(PROVIDED RECORDS)
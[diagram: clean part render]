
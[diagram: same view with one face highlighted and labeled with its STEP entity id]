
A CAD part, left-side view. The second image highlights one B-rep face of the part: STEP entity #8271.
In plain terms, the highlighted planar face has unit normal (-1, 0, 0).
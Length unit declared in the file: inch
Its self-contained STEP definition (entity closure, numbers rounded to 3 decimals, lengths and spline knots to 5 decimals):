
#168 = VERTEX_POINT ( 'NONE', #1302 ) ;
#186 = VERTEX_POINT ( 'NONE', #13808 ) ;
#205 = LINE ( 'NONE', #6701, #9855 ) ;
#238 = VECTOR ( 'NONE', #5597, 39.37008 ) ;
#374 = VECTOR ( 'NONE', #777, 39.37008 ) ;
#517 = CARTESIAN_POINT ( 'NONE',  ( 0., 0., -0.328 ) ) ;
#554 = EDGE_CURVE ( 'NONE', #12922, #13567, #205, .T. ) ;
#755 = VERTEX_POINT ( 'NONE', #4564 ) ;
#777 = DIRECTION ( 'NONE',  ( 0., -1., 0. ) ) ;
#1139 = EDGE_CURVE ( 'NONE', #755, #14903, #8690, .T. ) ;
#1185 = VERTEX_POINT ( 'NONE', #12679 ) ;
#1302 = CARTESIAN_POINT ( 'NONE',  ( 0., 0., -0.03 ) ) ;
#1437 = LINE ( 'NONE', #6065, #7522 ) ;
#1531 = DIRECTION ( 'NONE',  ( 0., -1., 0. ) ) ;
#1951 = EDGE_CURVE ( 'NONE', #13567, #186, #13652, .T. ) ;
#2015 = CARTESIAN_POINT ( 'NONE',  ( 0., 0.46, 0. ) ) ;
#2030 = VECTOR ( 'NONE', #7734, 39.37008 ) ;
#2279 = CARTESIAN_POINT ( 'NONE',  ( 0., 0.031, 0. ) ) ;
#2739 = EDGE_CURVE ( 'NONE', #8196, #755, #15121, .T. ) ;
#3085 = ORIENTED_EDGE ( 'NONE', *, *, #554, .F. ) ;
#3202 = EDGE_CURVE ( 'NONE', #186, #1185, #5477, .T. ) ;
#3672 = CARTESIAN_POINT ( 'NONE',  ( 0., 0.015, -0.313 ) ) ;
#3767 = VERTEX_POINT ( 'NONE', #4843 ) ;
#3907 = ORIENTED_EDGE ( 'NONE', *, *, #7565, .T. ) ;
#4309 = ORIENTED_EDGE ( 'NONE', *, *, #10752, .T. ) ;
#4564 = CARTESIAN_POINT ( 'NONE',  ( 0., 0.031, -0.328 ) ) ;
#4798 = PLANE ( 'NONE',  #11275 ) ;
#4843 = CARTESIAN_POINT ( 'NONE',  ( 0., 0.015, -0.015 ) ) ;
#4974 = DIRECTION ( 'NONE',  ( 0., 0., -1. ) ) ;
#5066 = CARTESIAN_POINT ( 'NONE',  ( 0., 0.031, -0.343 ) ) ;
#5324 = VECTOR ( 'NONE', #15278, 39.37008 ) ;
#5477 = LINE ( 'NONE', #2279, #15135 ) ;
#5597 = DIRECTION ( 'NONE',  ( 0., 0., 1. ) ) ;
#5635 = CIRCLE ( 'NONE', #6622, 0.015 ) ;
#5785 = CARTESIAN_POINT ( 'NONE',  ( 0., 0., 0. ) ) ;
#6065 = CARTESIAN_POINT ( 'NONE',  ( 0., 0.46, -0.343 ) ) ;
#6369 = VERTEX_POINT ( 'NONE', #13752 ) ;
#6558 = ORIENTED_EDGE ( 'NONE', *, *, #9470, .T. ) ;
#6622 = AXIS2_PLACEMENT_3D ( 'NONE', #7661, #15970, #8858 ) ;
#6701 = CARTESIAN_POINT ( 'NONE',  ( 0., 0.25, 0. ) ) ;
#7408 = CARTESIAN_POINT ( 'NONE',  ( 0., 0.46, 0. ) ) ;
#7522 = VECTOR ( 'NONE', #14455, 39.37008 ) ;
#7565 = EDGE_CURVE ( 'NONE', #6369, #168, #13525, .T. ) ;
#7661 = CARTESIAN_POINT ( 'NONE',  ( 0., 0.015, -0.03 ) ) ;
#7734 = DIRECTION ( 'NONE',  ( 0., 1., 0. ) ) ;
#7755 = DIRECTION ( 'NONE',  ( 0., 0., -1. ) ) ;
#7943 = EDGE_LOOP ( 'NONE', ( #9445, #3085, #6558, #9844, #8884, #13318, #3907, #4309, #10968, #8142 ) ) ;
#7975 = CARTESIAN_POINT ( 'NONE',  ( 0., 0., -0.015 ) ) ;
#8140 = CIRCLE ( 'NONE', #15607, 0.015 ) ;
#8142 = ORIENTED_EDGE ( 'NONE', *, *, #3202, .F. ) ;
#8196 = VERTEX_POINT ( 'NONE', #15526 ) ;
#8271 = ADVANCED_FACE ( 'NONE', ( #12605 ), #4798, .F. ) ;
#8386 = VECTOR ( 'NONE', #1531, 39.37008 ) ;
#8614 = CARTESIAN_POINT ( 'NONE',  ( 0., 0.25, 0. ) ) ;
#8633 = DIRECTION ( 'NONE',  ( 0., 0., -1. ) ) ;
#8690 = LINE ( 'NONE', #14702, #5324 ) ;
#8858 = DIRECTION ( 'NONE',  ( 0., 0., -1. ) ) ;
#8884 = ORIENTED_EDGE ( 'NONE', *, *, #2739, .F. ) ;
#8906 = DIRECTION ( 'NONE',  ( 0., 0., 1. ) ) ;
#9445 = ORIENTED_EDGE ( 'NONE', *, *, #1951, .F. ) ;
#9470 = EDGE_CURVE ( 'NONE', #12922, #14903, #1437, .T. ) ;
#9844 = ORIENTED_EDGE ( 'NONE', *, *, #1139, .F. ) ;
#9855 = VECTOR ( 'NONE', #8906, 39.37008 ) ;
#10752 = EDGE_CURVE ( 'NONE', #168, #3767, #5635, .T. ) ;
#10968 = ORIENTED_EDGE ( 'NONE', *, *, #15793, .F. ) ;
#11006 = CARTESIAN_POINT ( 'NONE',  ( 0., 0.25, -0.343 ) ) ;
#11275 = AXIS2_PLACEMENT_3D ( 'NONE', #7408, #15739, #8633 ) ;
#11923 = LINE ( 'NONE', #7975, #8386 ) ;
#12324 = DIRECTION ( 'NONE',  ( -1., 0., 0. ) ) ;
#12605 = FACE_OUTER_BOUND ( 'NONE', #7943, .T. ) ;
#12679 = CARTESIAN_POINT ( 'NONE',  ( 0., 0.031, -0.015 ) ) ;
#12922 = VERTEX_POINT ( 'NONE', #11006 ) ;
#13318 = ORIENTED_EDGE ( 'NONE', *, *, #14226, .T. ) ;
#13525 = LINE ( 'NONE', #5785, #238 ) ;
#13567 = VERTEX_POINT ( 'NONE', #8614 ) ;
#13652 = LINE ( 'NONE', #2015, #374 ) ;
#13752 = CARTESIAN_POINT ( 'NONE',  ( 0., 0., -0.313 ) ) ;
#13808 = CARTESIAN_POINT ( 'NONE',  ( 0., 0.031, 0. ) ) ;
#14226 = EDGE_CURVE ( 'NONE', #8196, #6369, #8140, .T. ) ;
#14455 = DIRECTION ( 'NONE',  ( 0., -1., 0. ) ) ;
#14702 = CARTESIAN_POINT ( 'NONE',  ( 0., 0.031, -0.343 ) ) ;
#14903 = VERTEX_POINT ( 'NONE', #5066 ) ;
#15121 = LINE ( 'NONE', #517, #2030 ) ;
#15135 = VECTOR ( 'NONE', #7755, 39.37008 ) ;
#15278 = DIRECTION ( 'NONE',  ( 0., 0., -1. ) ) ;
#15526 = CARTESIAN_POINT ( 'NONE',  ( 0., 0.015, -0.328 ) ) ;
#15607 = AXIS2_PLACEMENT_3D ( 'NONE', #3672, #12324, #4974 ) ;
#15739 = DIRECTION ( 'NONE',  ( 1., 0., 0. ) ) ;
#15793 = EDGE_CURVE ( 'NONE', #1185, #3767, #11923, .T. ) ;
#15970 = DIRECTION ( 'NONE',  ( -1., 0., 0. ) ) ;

(EXERCISE REQUIREMENTS) Wherever the line holding "#2279 = CARTESIAN_POINT" falls in the entries above, copy exactly from it through the line holding "#6701 = CARTESIAN_POINT", inclusive, and add nothing.

(ANSWER FOR THIS EXERCISE)
#2279 = CARTESIAN_POINT ( 'NONE',  ( 0., 0.031, 0. ) ) ;
#2739 = EDGE_CURVE ( 'NONE', #8196, #755, #15121, .T. ) ;
#3085 = ORIENTED_EDGE ( 'NONE', *, *, #554, .F. ) ;
#3202 = EDGE_CURVE ( 'NONE', #186, #1185, #5477, .T. ) ;
#3672 = CARTESIAN_POINT ( 'NONE',  ( 0., 0.015, -0.313 ) ) ;
#3767 = VERTEX_POINT ( 'NONE', #4843 ) ;
#3907 = ORIENTED_EDGE ( 'NONE', *, *, #7565, .T. ) ;
#4309 = ORIENTED_EDGE ( 'NONE', *, *, #10752, .T. ) ;
#4564 = CARTESIAN_POINT ( 'NONE',  ( 0., 0.031, -0.328 ) ) ;
#4798 = PLANE ( 'NONE',  #11275 ) ;
#4843 = CARTESIAN_POINT ( 'NONE',  ( 0., 0.015, -0.015 ) ) ;
#4974 = DIRECTION ( 'NONE',  ( 0., 0., -1. ) ) ;
#5066 = CARTESIAN_POINT ( 'NONE',  ( 0., 0.031, -0.343 ) ) ;
#5324 = VECTOR ( 'NONE', #15278, 39.37008 ) ;
#5477 = LINE ( 'NONE', #2279, #15135 ) ;
#5597 = DIRECTION ( 'NONE',  ( 0., 0., 1. ) ) ;
#5635 = CIRCLE ( 'NONE', #6622, 0.015 ) ;
#5785 = CARTESIAN_POINT ( 'NONE',  ( 0., 0., 0. ) ) ;
#6065 = CARTESIAN_POINT ( 'NONE',  ( 0., 0.46, -0.343 ) ) ;
#6369 = VERTEX_POINT ( 'NONE', #13752 ) ;
#6558 = ORIENTED_EDGE ( 'NONE', *, *, #9470, .T. ) ;
#6622 = AXIS2_PLACEMENT_3D ( 'NONE', #7661, #15970, #8858 ) ;
#6701 = CARTESIAN_POINT ( 'NONE',  ( 0., 0.25, 0. ) ) ;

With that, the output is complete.